Total number of injured by District
fatalities %>% dplyr::filter(!is.na(DIST_ID)) %>%
dplyr::filter(Total_Injured > 50) %>%
ggplot() + geom_col(aes(x = reorder(DISTRICT, -Total_Injured), Total_Injured)) +
geom_text(aes(x = DISTRICT, Total_Injured, label = Total_Injured),
vjust = -0.5, color = "blue") +
xlab("District") + ylab("Total number of Injured People") +
theme(axis.text.x = element_text(angle = 90, hjust = 1),
axis.text = element_text(size = 12),
axis.title = element_text(size = 14))
While the total number of people that died in Sindhupalchowk is highest, the highest total number of injured people ocurred in Kathmandu. Part of the reason that a lot of people got injured in Kathmandu is because the population in Kathmandu is very high compared to other districts. Kathmandu is the capital of Nepal and according to this dataset we are looking at the total population was 1744240.
Total number of government / Public buildings destroyed
fatalities %>% dplyr::filter(!is.na(DIST_ID)) %>%
dplyr::filter(GovtBuild_Damage > 1, PublicBuild_Damage > 1) %>%
dplyr::select(DISTRICT, GovtBuild_Damage, PublicBuild_Damage) %>%
tidyr::gather(key = "variable", value = "value", -DISTRICT) %>%
ggplot() + geom_bar(aes(x = reorder(DISTRICT, -value), y = value,
fill = variable), stat = "identity") +
facet_wrap( ~ variable, ncol = 1, scale = "free_y") +
xlab("DISTRICT") + ylab("Number of damaged buildings") + labs(fill = "") +
theme(axis.text.x = element_text(angle = 90, hjust =1),
legend.position = "")
The earthquake did a lot of damage on government and public buildings throughout the country. From this graph, we can see that a lot of public buildings and private buildings were damaged in Sindhupalchowk. However, the government buildings damage is not proportional to the public building damage in other districts. While lot of public buildings got damaged in Nuwakot
and Kabrepalanchok
the number of government buildings got damaged are pretty low. Most of the public houses that got damaged in these districts were old houses.
Using wordcloud package to visualize the casualties
Now we are going to look into wordcloud package and plot the districts with higher frequency of death, injuries and building damages.
Let’s look at the number of people who died in the earthquake.
Before looking into the wordcloud, I am going to create a function which we can use for all the data columns. The function that I have written takes the words and frequencies and then apply color settings to our words when they are displayed. In order to be seen on the word cloud I have specified the minimum frequency to be 5.
# Word cloud
wordcloud_jd <- function(words, freq){
wordcloud(words = words,max.words = Inf, freq = freq,
random.order = FALSE, random.color = FALSE, scale = c(5.,.8 ),
colors= c("indianred1","indianred2","indianred3","indianred"),
res = 300, width = 12, height = 10)
}
We will now use the function wordcloud_jd
to plot total number of people by district.

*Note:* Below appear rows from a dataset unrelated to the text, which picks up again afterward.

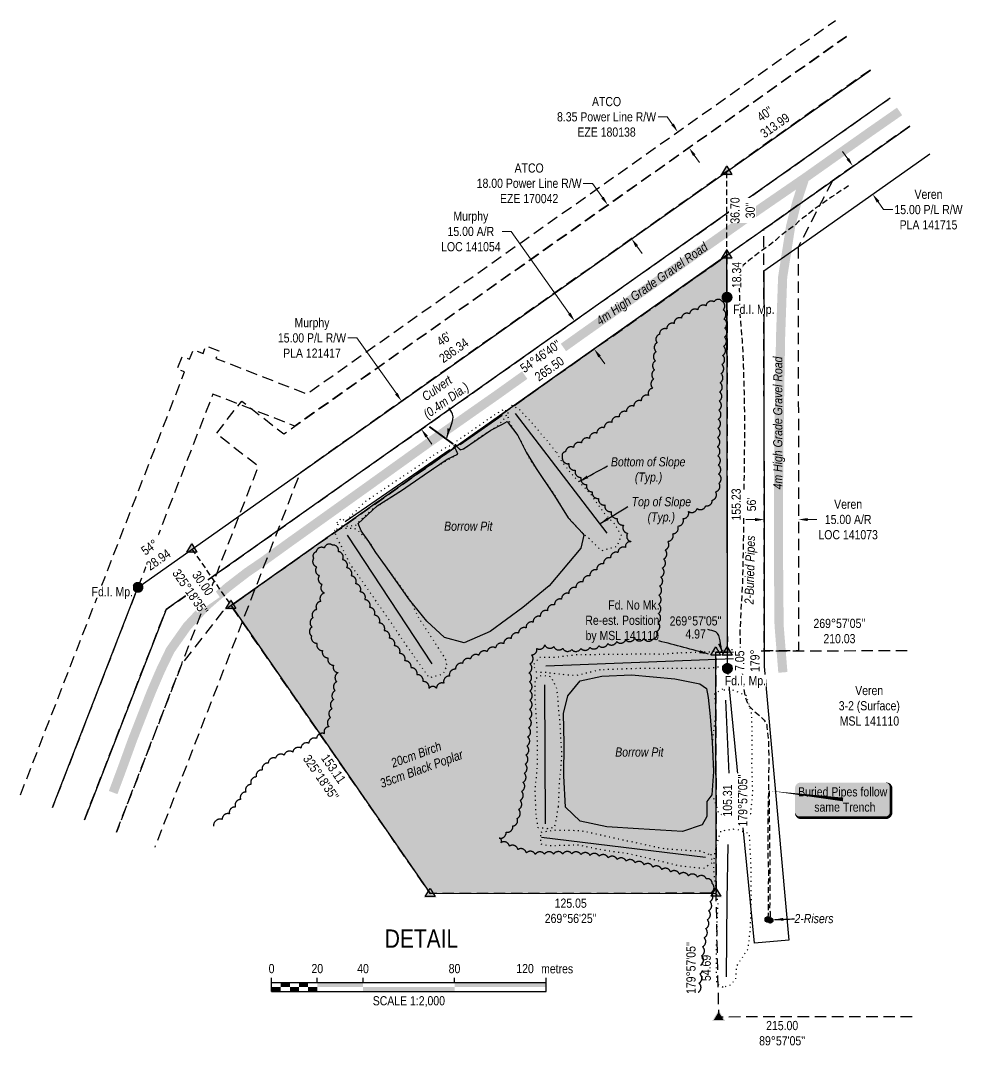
# Model space of a CAD drawing. Extents: x 504234 to 508182, y 6029505 to 6032525.
# Drawn here: x 506170 to 507200, y 6029527 to 6030646 of the extents above; entities that cross this region are included whole.
import ezdxf
from ezdxf.enums import TextEntityAlignment as Align

# ---------------------------------------------------------------- set-up
doc = ezdxf.new("R2010")
doc.units = 0
doc.header["$LTSCALE"] = 5
doc.header["$PDSIZE"] = 0.5
for name, pattern in [('0', [1, 1, 0]), ('foc-ACCESSROAD', [3.75, 2.5, -1.25]), ('foc-FLOWLINE', [3.75, 2.5, -1.25]), ('foc-TOPO', [1, 0.2, -0.8]), ('foc-TRAV', [1.875, 1.25, -0.625]), ('UG_PIPE', [1.875, 1.25, -0.625])]:
    doc.linetypes.add(name, pattern=pattern)
doc.layers.get('Defpoints').update_dxf_attribs({"color": 9})
for name, color, linetype, lineweight in [('AS-GENERAL', 48, 'Continuous', 18), ('C-AR-T', 13, 'Continuous', 9), ('C-RW-T', 13, 'Continuous', 9), ('C-WS-T', 13, 'Continuous', 9), ('F-AR-T', 190, 'Continuous', 9), ('F-EZE-T', 190, 'Continuous', 9), ('F-RW-T', 190, 'Continuous', 9), ('T-TEXT', 48, 'Continuous', 18)]:
    doc.layers.add(name, color=color, linetype=linetype, lineweight=lineweight)
for name, color, linetype in [('AS-PIPE-UG', 44, 'UG_PIPE'), ('AS-PIPE-UG-T', 44, 'Continuous'), ('AS-ROADS', 254, 'Continuous'), ('AS-SYMBOL', 7, 'Continuous'), ('C-AR', 13, 'foc-ACCESSROAD'), ('C-RW', 13, 'Continuous'), ('C-WS', 13, 'foc-ACCESSROAD'), ('CG-NOTES', 7, 'Continuous'), ('DETAIL-T', 7, 'Continuous'), ('F-AR', 190, 'foc-ACCESSROAD'), ('F-EZE', 190, 'foc-FLOWLINE'), ('F-RW', 190, 'Continuous'), ('L-BD', 7, 'Continuous'), ('L-MON', 1, 'Continuous'), ('P-PROPOSED', 10, 'Continuous'), ('P-PROPOSED-H', 21, 'Continuous'), ('P-TRAV', 4, 'foc-TRAV'), ('T-BUSH', 110, '0'), ('T-BUSH-T', 110, 'Continuous'), ('T-LOW-AREA', 48, 'foc-TOPO'), ('T-SLOPE', 48, 'Continuous'), ('T-WATER', 160, 'Continuous'), ('T-WATER-H', 133, 'Continuous'), ('T-WATER-T', 170, 'Continuous')]:
    doc.layers.add(name, color=color, linetype=linetype)
doc.styles.add('80', font='ARIALN.TTF', dxfattribs={"height": 10})
doc.styles.add('80CG', font='ARIALN.TTF', dxfattribs={"height": 10})
doc.styles.add('80L', font='ARIALN.TTF', dxfattribs={"height": 10})
doc.styles.add('80LS', font='ARIALNI.TTF', dxfattribs={"height": 10})
doc.dimstyles.new('Compass 5 000', dxfattribs={"dimscale": 5, "dimtxt": 9, "dimasz": 2, "dimexe": 0.2, "dimexo": 0.0625, "dimgap": 0.5, "dimtad": 0, "dimtih": 1, "dimtoh": 1, "dimzin": 0, "dimdsep": 46, "dimtxsty": '80CG', "dimcen": 0.1, "dimse1": 1, "dimse2": 1, "dimclrd": 256, "dimclrt": 256, "dimaunit": 1, "dimadec": 4, "dimazin": 0, "dimtfac": 0.06, "dimtofl": 0, "dimtmove": 0, "dimatfit": 1, "dimfxl": 0.2, "dimtolj": 1, "dimtzin": 0, "dimlwd": -1, "dimarcsym": 0})

# ---------------------------------------------------------------- blocks, each defined once
blk = doc.blocks.new('TRIA')
blk.add_hatch(color=255).paths.add_polyline_path([(-0.04, 1.52), (-1.47, -0.87), (1.39, -0.87)])
blk = doc.blocks.new('TRIAA')
blk.add_blockref('TRIA', (0, 0))
blk = doc.blocks.new('TRIB')
at = {"color": 1}
blk.add_lwpolyline([(-1.12, -0.67), (-0.04, 1.13), (1.04, -0.67)], close=True, dxfattribs=at)
blk = doc.blocks.new('TRIBB')
blk.add_blockref('TRIB', (0, 0))
blk = doc.blocks.new('TRICC')
for name in ['TRIAA', 'TRIBB']:
    blk.add_blockref(name, (0, 0))
blk = doc.blocks.new('plspike')
blk.add_blockref('TRICC', (0, 0))
blk = doc.blocks.new('*D52')
at = {"layer": 'C-AR-T', "transparency": 16777216}
for p, q in [((506973, 6030101.3), (506963, 6030101.3)), ((507030.5, 6030101.4), (507040.5, 6030101.4))]:
    blk.add_line(p, q, dxfattribs=at)
for points in [[(506973, 6030103), (506973, 6030099.6), (506983, 6030101.3)], [(507030.5, 6030103), (507030.5, 6030099.7), (507020.5, 6030101.4)]]:
    blk.add_solid(points, dxfattribs=at)
at = {"layer": 'Defpoints', "color": 0, "transparency": 16777216}
for p in [(506982.9, 6030228), (507020.4, 6030228), (507020.5, 6030101.4)]:
    blk.add_point(p, dxfattribs=at)
at = {"layer": 'C-AR-T', "transparency": 16777216, "insert": (507074.8, 6030101.4), "char_height": 10, "attachment_point": 5, "style": '80CG'}
blk.add_mtext('\\A1;Veren\\P15.00 A/R\\PLOC 141073', dxfattribs=at)
blk = doc.blocks.new('fdia')
at = {"color": 255, "const_width": 1}
blk.add_lwpolyline([(-0.5, 0, 1), (0.5, 0, 1)], format="xyb", close=True, dxfattribs=at)
blk = doc.blocks.new('Fdiaa')
blk.add_blockref('fdia', (0, 0))
blk = doc.blocks.new('fdib')
at = {"color": 1, "const_width": 1.6}
blk.add_lwpolyline([(-0.4, 0, 1), (0.4, 0, 1)], format="xyb", close=True, dxfattribs=at)
at = {"color": 1}
blk.add_circle((0, 0), 0.8, dxfattribs=at)
blk = doc.blocks.new('Fdibb')
blk.add_blockref('fdib', (0, 0))
blk = doc.blocks.new('fdicc')
for name in ['Fdibb', 'Fdiaa']:
    blk.add_blockref(name, (0, 0))
blk = doc.blocks.new('FDI')
blk.add_blockref('fdicc', (0, 0))
blk = doc.blocks.new('RISER')
h = blk.add_hatch(color=255)
h.dxf.hatch_style = 1
edge = h.paths.add_edge_path()
edge.add_arc((0, 0), 0.7, 0, 360)
blk.add_hatch(color=48).paths.add_polyline_path([(0.58, -0.15), (-0.58, -0.15, 0.774597)])
at = {"color": 48}
blk.add_line((-0.58, -0.15), (0.58, -0.15), dxfattribs=at)
blk.add_circle((0, 0), 0.6, dxfattribs=at)
blk = doc.blocks.new('*D53')
at = {"layer": 'Defpoints', "color": 0, "transparency": 16777216}
for p in [(506861.3, 6030479.6), (506812.1, 6030444.9), (506887.3, 6030442.9)]:
    blk.add_point(p, dxfattribs=at)
at = {"layer": 'F-EZE-T', "transparency": 16777216}
for p, q in [((506795.4, 6030468.6), (506785.4, 6030468.6)), ((506806.4, 6030453.1), (506795.4, 6030468.6)), ((506843.9, 6030400), (506849.6, 6030391.8))]:
    blk.add_line(p, q, dxfattribs=at)
for points in [[(506807.7, 6030454), (506805, 6030452.1), (506812.1, 6030444.9)], [(506845.2, 6030400.9), (506842.5, 6030399), (506838.1, 6030408.1)]]:
    blk.add_solid(points, dxfattribs=at)
at = {"layer": 'F-EZE-T', "transparency": 16777216, "insert": (506726.2, 6030468.6), "char_height": 10, "attachment_point": 5, "style": '80CG'}
blk.add_mtext('\\A1;ATCO\\P18.00 Power Line R/W\\PEZE 170042', dxfattribs=at)
blk = doc.blocks.new('*D54')
at = {"layer": 'Defpoints', "color": 0, "transparency": 16777216}
for p in [(506775.8, 6030318.3), (506788.1, 6030326.9), (506809.7, 6030296.3)]:
    blk.add_point(p, dxfattribs=at)
at = {"layer": 'F-AR-T', "transparency": 16777216}
for p, q in [((506706.7, 6030416), (506696.7, 6030416)), ((506770, 6030326.4), (506706.7, 6030416)), ((506803.2, 6030279.5), (506808.9, 6030271.3))]:
    blk.add_line(p, q, dxfattribs=at)
for points in [[(506771.4, 6030327.4), (506768.7, 6030325.5), (506775.8, 6030318.3)], [(506804.5, 6030280.4), (506801.8, 6030278.5), (506797.4, 6030287.6)]]:
    blk.add_solid(points, dxfattribs=at)
at = {"layer": 'F-AR-T', "transparency": 16777216, "insert": (506662.5, 6030416), "char_height": 10, "attachment_point": 5, "style": '80CG'}
blk.add_mtext('\\A1;Murphy\\P15.00 A/R\\PLOC 141054', dxfattribs=at)
blk = doc.blocks.new('*D55')
at = {"layer": 'Defpoints', "color": 0, "transparency": 16777216}
for p in [(506888.4, 6030524.7), (506888.6, 6030524.9), (506900.6, 6030507.4)]:
    blk.add_point(p, dxfattribs=at)
at = {"layer": 'F-EZE-T', "transparency": 16777216}
for p, q in [((506877.1, 6030541.2), (506867.1, 6030541.2)), ((506882.9, 6030533), (506877.1, 6030541.2)), ((506906.6, 6030499.4), (506912.4, 6030491.2))]:
    blk.add_line(p, q, dxfattribs=at)
for points in [[(506884.2, 6030534), (506881.5, 6030532.1), (506888.6, 6030524.9)], [(506908, 6030500.3), (506905.3, 6030498.4), (506900.9, 6030507.5)]]:
    blk.add_solid(points, dxfattribs=at)
at = {"layer": 'F-EZE-T', "transparency": 16777216, "insert": (506810.8, 6030541.2), "char_height": 10, "attachment_point": 5, "style": '80CG'}
blk.add_mtext('\\A1;ATCO\\P8.35 Power Line R/W\\PEZE 180138', dxfattribs=at)
blk = doc.blocks.new('*D56')
at = {"layer": 'C-RW-T', "transparency": 16777216}
for p, q in [((507074.3, 6030495.4), (507068.6, 6030503.5)), ((507107.5, 6030448.4), (507113.5, 6030439.9)), ((507113.5, 6030439.9), (507123.5, 6030439.9))]:
    blk.add_line(p, q, dxfattribs=at)
for points in [[(507075.7, 6030496.3), (507073, 6030494.4), (507080.1, 6030487.2)], [(507108.8, 6030449.4), (507106.1, 6030447.5), (507101.7, 6030456.6)]]:
    blk.add_solid(points, dxfattribs=at)
at = {"layer": 'Defpoints', "color": 0, "transparency": 16777216}
for p in [(507125.4, 6030519.2), (507147, 6030488.6), (507101.7, 6030456.6)]:
    blk.add_point(p, dxfattribs=at)
at = {"layer": 'C-RW-T', "transparency": 16777216, "insert": (507162.6, 6030439.9), "char_height": 10, "attachment_point": 5, "style": '80CG'}
blk.add_mtext('\\A1;Veren\\P15.00 P/L R/W\\PPLA 141715', dxfattribs=at)
blk = doc.blocks.new('*U57')
h = blk.add_hatch(color=50)
edge = h.paths.add_edge_path()
edge.add_line((-46.5, -20), (46.5, -20))
edge.add_arc((46.5, -14), 6, 270, 360)
edge.add_line((52.5, -14), (52.5, 12.5))
edge.add_arc((46.5, 12.5), 6, 0, 90)
edge.add_line((46.5, 18.5), (-46.5, 18.5))
edge.add_arc((-46.5, 12.5), 6, 90, 180)
edge.add_line((-52.5, 12.5), (-52.5, -14))
edge.add_arc((-46.5, -14), 6, 180, 270)
at = {"flags": 128}
blk.add_lwpolyline([(-46.5, -20, 3, 3, 0), (46.5, -20, 3, 3, 0.414214), (52.5, -14, 3, 3, 0), (52.5, 12.5, 3, 0, 0.414214), (46.5, 18.5, 0, 0, 0), (-46.5, 18.5, 0, 0, 0.414214), (-52.5, 12.5, 0, 0, 0), (-52.5, -14, 0, 3, 0.414214)], format="xyseb", close=True, dxfattribs=at)
at = {"color": 1, "style": '80'}
blk.add_attdef('ENTER_TEXT_001', (-26.8, -4.9), '', height=10, dxfattribs=at)
blk = doc.blocks.new('*U39')
at = {"color": 0}
for p, q in [((-150, 0), (-150, 15)), ((-100, 10), (-100, 15)), ((-50, 10), (-50, 15)), ((50, 10), (50, 15)), ((150.2, 0), (150.2, 15)), ((-150, 10), (150.2, 10)), ((-150, 0), (150.2, 0))]:
    blk.add_line(p, q, dxfattribs=at)
for points in [[(-150, 5), (-140, 5), (-150, 0), (-140, 0)], [(-140, 10), (-130, 10), (-140, 5), (-130, 5)], [(-130, 5), (-120, 5), (-130, 0), (-120, 0)], [(-120, 10), (-110, 10), (-120, 5), (-110, 5)], [(-110, 5), (-100, 5), (-110, 0), (-100, 0)], [(-100, 10), (-50, 10), (-100, 5), (-50, 5)], [(-50, 5), (50, 5), (-50, 0), (50, 0)], [(50, 10), (150.2, 10), (50, 5), (150.2, 5)]]:
    blk.add_solid(points, dxfattribs=at)
at = {"color": 0, "style": '80'}
blk.add_text('metres', height=10, dxfattribs=at).set_placement((162.2, 20), align=Align.CENTER)
at = {"color": 0, "char_height": 10, "style": '80'}
for s, insert, attachment_point in [('0', (-150, 30.2), 2), ('20', (-100, 30.2), 2), ('40', (-50, 30.2), 2), ('80', (50, 30.2), 2), ('120', (136.7, 30.2), 3), ('SCALE 1:2,000', (0.1, -5), 2)]:
    blk.add_mtext(s, dxfattribs=dict(at, insert=insert, attachment_point=attachment_point))
blk = doc.blocks.new('STRIA')
blk.add_hatch(color=255).paths.add_polyline_path([(-0.04, 1.52), (-1.47, -0.87), (1.39, -0.87)])
blk = doc.blocks.new('STRIAA')
blk.add_blockref('STRIA', (0, 0))
blk = doc.blocks.new('STRIB')
at = {"color": 1}
blk.add_solid([(-1.12, -0.67), (-0.04, 1.13), (1.04, -0.67)], dxfattribs=at)
blk = doc.blocks.new('STRIBB')
blk.add_blockref('STRIB', (0, 0))
blk = doc.blocks.new('STRICC')
for name in ['STRIAA', 'STRIBB']:
    blk.add_blockref(name, (0, 0))
blk = doc.blocks.new('fdspike')
blk.add_blockref('STRICC', (0, 0))
blk = doc.blocks.new('*D59')
at = {"layer": 'Defpoints', "color": 0, "transparency": 16777216}
for p in [(506586.8, 6030230.7), (506565.9, 6030215.9), (506587.5, 6030185.3)]:
    blk.add_point(p, dxfattribs=at)
at = {"layer": 'F-RW-T', "transparency": 16777216}
for p, q in [((506538, 6030299.8), (506528, 6030299.8)), ((506581.1, 6030238.9), (506538, 6030299.8)), ((506614.2, 6030191.9), (506620, 6030183.8))]:
    blk.add_line(p, q, dxfattribs=at)
for points in [[(506582.4, 6030239.8), (506579.7, 6030237.9), (506586.8, 6030230.7)], [(506615.6, 6030192.9), (506612.8, 6030191), (506608.4, 6030200.1)]]:
    blk.add_solid(points, dxfattribs=at)
at = {"layer": 'F-RW-T', "transparency": 16777216, "insert": (506488.9, 6030299.8), "char_height": 10, "attachment_point": 5, "style": '80CG'}
blk.add_mtext('\\A1;Murphy\\P15.00 P/L R/W\\PPLA 121417', dxfattribs=at)

msp = doc.modelspace()

# ---------------------------------------------------------------- hatches: boundary and pattern name
at = {"layer": 'P-PROPOSED-H'}
h = msp.add_hatch(color=256, dxfattribs=at)
h.dxf.hatch_style = 1
h.paths.add_polyline_path([(506930.534, 6029693.166), (506930.254, 6029956.514), (506942.797, 6029956.553), (506942.359, 6030389.983), (506400.461, 6030007.393), (506618.223, 6029692.843)])
at = {"layer": 'T-WATER-H'}
h = msp.add_hatch(color=256, dxfattribs=at)
h.dxf.hatch_style = 1
h.paths.add_polyline_path([(506785.946, 6030084.214), (506782.531, 6030070.041), (506748.269, 6030028.874), (506719.401, 6030005.346), (506683.661, 6029979.019), (506655.141, 6029966.791), (506633.639, 6029972.664), (506614.276, 6029990.316), (506595.651, 6030013.616), (506569.089, 6030050.826), (506558.701, 6030065.206), (506550.874, 6030077.516), (506542.781, 6030088.874), (506539.499, 6030097.029), (506560.034, 6030116.314), (506586.584, 6030133.071), (506611.396, 6030150.151), (506636.531, 6030167.226), (506648.196, 6030172.924), (506647.199, 6030175.801), (506644.679, 6030180.639), (506644.229, 6030182.934), (506646.116, 6030182.216), (506646.954, 6030181.451), (506650.936, 6030177.569), (506654.296, 6030178.564), (506684.466, 6030199.064), (506697.266, 6030205.716), (506702.126, 6030208.639), (506713.981, 6030193.276), (506722.794, 6030174.934), (506733.966, 6030157.179), (506754.036, 6030127.299), (506768.981, 6030103.406), (506784.706, 6030086.309)])
h = msp.add_hatch(color=256, dxfattribs=at)
h.dxf.hatch_style = 1
h.paths.add_polyline_path([(506915.314, 6029767.814), (506893.824, 6029760.766), (506845.581, 6029763.619), (506811.129, 6029765.611), (506781.991, 6029771.746), (506765.796, 6029787.349), (506764.051, 6029821.339), (506764.329, 6029856.856), (506763.911, 6029889.626), (506768.471, 6029908.981), (506782.051, 6029925.019), (506805.791, 6029930.246), (506838.191, 6029931.811), (506885.489, 6029927.376), (506912.639, 6029921.774), (506919.909, 6029916.656), (506921.846, 6029907.046), (506924.106, 6029886.304), (506926.149, 6029858.194), (506927.769, 6029826.194), (506925.906, 6029800.549), (506920.341, 6029793.221), (506920.451, 6029776.896)])

# ---------------------------------------------------------------- linework, layer by layer
at = {"layer": 'AS-GENERAL', "const_width": 1.999, "flags": 128}
msp.add_lwpolyline([(506643.259, 6030183.784), (506617.141, 6030202.851)], dxfattribs=at)
at = {"layer": 'AS-PIPE-UG', "flags": 128}
for points in [[(507075.121, 6030465.846), (507057.046, 6030453.746), (507038.006, 6030440.649), (507027.871, 6030432.449), (507025.041, 6030430.456), (507020.514, 6030426.906), (507016.776, 6030422.679), (507012.171, 6030419.781), (507001.519, 6030411.954), (506995.384, 6030406.271), (506988.529, 6030400.879), (506978.384, 6030393.446), (506972.849, 6030389.584), (506968.219, 6030385.704), (506965.444, 6030383.736), (506959.816, 6030379.034), (506957.829, 6030376.396), (506956.141, 6030372.246), (506955.849, 6030360.174), (506955.874, 6030351.269), (506956.006, 6030342.886), (506956.411, 6030325.164), (506958.964, 6030297.021), (506960.241, 6030269.279), (506961.061, 6030240.909), (506961.559, 6030208.656), (506961.386, 6030183.554), (506961.124, 6030158.646), (506960.699, 6030122.494), (506960.581, 6030093.599), (506959.821, 6030057.959), (506959.111, 6030028.029), (506957.664, 6030003.081), (506956.474, 6029979.644), (506956.811, 6029962.619), (506957.214, 6029952.041), (506958.646, 6029938.206), (506959.986, 6029925.536), (506960.691, 6029917.181), (506962.296, 6029908.049), (506963.759, 6029903.574), (506965.436, 6029899.134), (506971.604, 6029892.286), (506977.949, 6029887.384), (506981.046, 6029884.156), (506982.944, 6029882.056), (506984.181, 6029880.274), (506985.871, 6029877.546), (506985.846, 6029874.751), (506987.499, 6029862.529), (506988.039, 6029842.524), (506987.799, 6029805.104), (506987.046, 6029780.844), (506987.146, 6029731.189), (506987.701, 6029716.524), (506987.376, 6029690.311), (506987.256, 6029676.034), (506987.324, 6029672.586), (506986.991, 6029664.536)], [(506988.354, 6029805.021), (506988.544, 6029780.949), (506989.161, 6029730.994), (506989.304, 6029716.706), (506989.174, 6029690.484), (506988.924, 6029676.431), (506989.441, 6029673.064), (506989.669, 6029663.596)]]:
    msp.add_lwpolyline(points, dxfattribs=at)
at = {"layer": 'AS-ROADS', "const_width": 9.995, "flags": 128}
for points in [[(507130.978, 6030547.179), (507097.651, 6030523.969), (507027.354, 6030474.354), (506962.889, 6030430.059), (506876.414, 6030369.096), (506782.791, 6030302.959), (506691.604, 6030237.899), (506616.529, 6030185.334), (506544.004, 6030133.354), (506465.946, 6030077.651), (506435.074, 6030055.371), (506418.156, 6030043.854), (506396.461, 6030027.159), (506373.459, 6030007.134), (506352.564, 6029984.966), (506334.041, 6029958.731), (506323.599, 6029937.051), (506313.331, 6029913.176), (506302.944, 6029886.809), (506292.746, 6029860.636), (506281.761, 6029830.354), (506271.631, 6029803.164)], [(507003.476, 6029934.416), (506999.331, 6029985.876), (506998.699, 6030056.794), (506998.614, 6030126.364), (506999.096, 6030181.916), (506999.974, 6030242.074), (507000.961, 6030300.914), (507003.209, 6030365.954), (507012.036, 6030422.169), (507018.786, 6030448.339), (507027.311, 6030474.329)]]:
    msp.add_lwpolyline(points, dxfattribs=at)
at = {"layer": 'C-AR', "flags": 128}
for points in [[(507020.181, 6030399.033), (507020.631, 6029958.094), (506983.122, 6029958.058), (506982.71, 6030372.556), (506982.664, 6030418.414), (507057.575, 6030471.311), (507020.181, 6030399.033)], [(506942.797, 6029956.553), (506930.254, 6029956.514), (506930.534, 6029693.166), (506618.223, 6029692.843), (506400.464, 6030007.389), (506942.359, 6030389.983), (506942.797, 6029956.553)]]:
    msp.add_lwpolyline(points, close=True, dxfattribs=at)
at = {"layer": 'C-RW'}
msp.add_lwpolyline([(507163.925, 6030500.517), (507020.182, 6030399.018), (506982.71, 6030372.556), (506983.111, 6029958.058), (506983.086, 6029940.693), (507009.928, 6029642.076), (506972.577, 6029638.736), (506942.879, 6029938.686), (506942.469, 6030344.166), (506942.359, 6030389.983), (506982.665, 6030418.4), (507057.567, 6030471.287), (507142.309, 6030531.13)], dxfattribs=at)
at = {"layer": 'C-WS', "flags": 128}
msp.add_lwpolyline([(507144.594, 6029558.213), (506933.546, 6029557.986), (506930.534, 6029693.166), (506930.254, 6029956.514), (506942.797, 6029956.553), (506983.122, 6029958.058), (507020.631, 6029958.094), (507144.163, 6029958.215)], dxfattribs=at)
at = {"layer": 'CG-NOTES', "flags": 128}
msp.add_lwpolyline([(506988.937, 6029805.067, 0, 3.998, 0), (507069.23, 6029795.623, 0, 0, 0)], format="xyseb", dxfattribs=at)
at = {"layer": 'F-AR', "flags": 128}
for points in [[(506240.265, 6029773.384), (506329.44, 6030003.088), (507120.668, 6030561.779)], [(507142.306, 6030531.135), (507057.571, 6030471.298), (506982.665, 6030418.405), (506945.187, 6030391.941), (506415.724, 6030018.117), (506391.23, 6030000.823), (506346.556, 6029943.576), (506275.217, 6029759.817)]]:
    msp.add_lwpolyline(points, dxfattribs=at)
at = {"layer": 'F-EZE', "flags": 128}
for points in [[(506170.386, 6029800.51), (506349.759, 6030262.606), (506341.663, 6030265.831), (506347.211, 6030279.758), (506355.247, 6030276.556), (506359.342, 6030287.017), (506369.869, 6030282.899), (506373.084, 6030291.087), (506387.039, 6030285.61), (506383.832, 6030277.439), (506483.225, 6030238.6), (507060.867, 6030646.471)], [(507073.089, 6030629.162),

Word cloud of total number of people died by district
wordcloud_jd(words = fatalities$DISTRICT, freq = fatalities$Tot_Deaths)
Looking at the wordcloud, we can see that the maximum number of people died in Sindhupalchowk. The second is Kathmandu, and then Nuwakot and so on. That is the total number of people died in a district. Now let’s examine if the word cloud is consistent for male and female deaths.
# Word cloud for deaths by male
wordcloud_jd(words = fatalities$DISTRICT, freq = fatalities$Death_Male)
# Word cloud for deaths by female
wordcloud_jd(words = fatalities$DISTRICT, freq = fatalities$Death_Female)
From these wordclouds, we can see that maximum number of male and female that died is in Sindhupalchok. However, the second highest death for male occurred in Kathmandu while the second higest death for female occurred in Nuwakot district.
Word cloud of total number of injured by district
wordcloud_jd(words = fatalities$DISTRICT, freq = fatalities$Total_Injured)
While the total number of people that died was higher in Sindhupalchowk, the injured number was very high in Kathmandu. Sindhupalchowk is the 4th in terms of total number of injured people.
We will look into more details and correlations between variable in future post.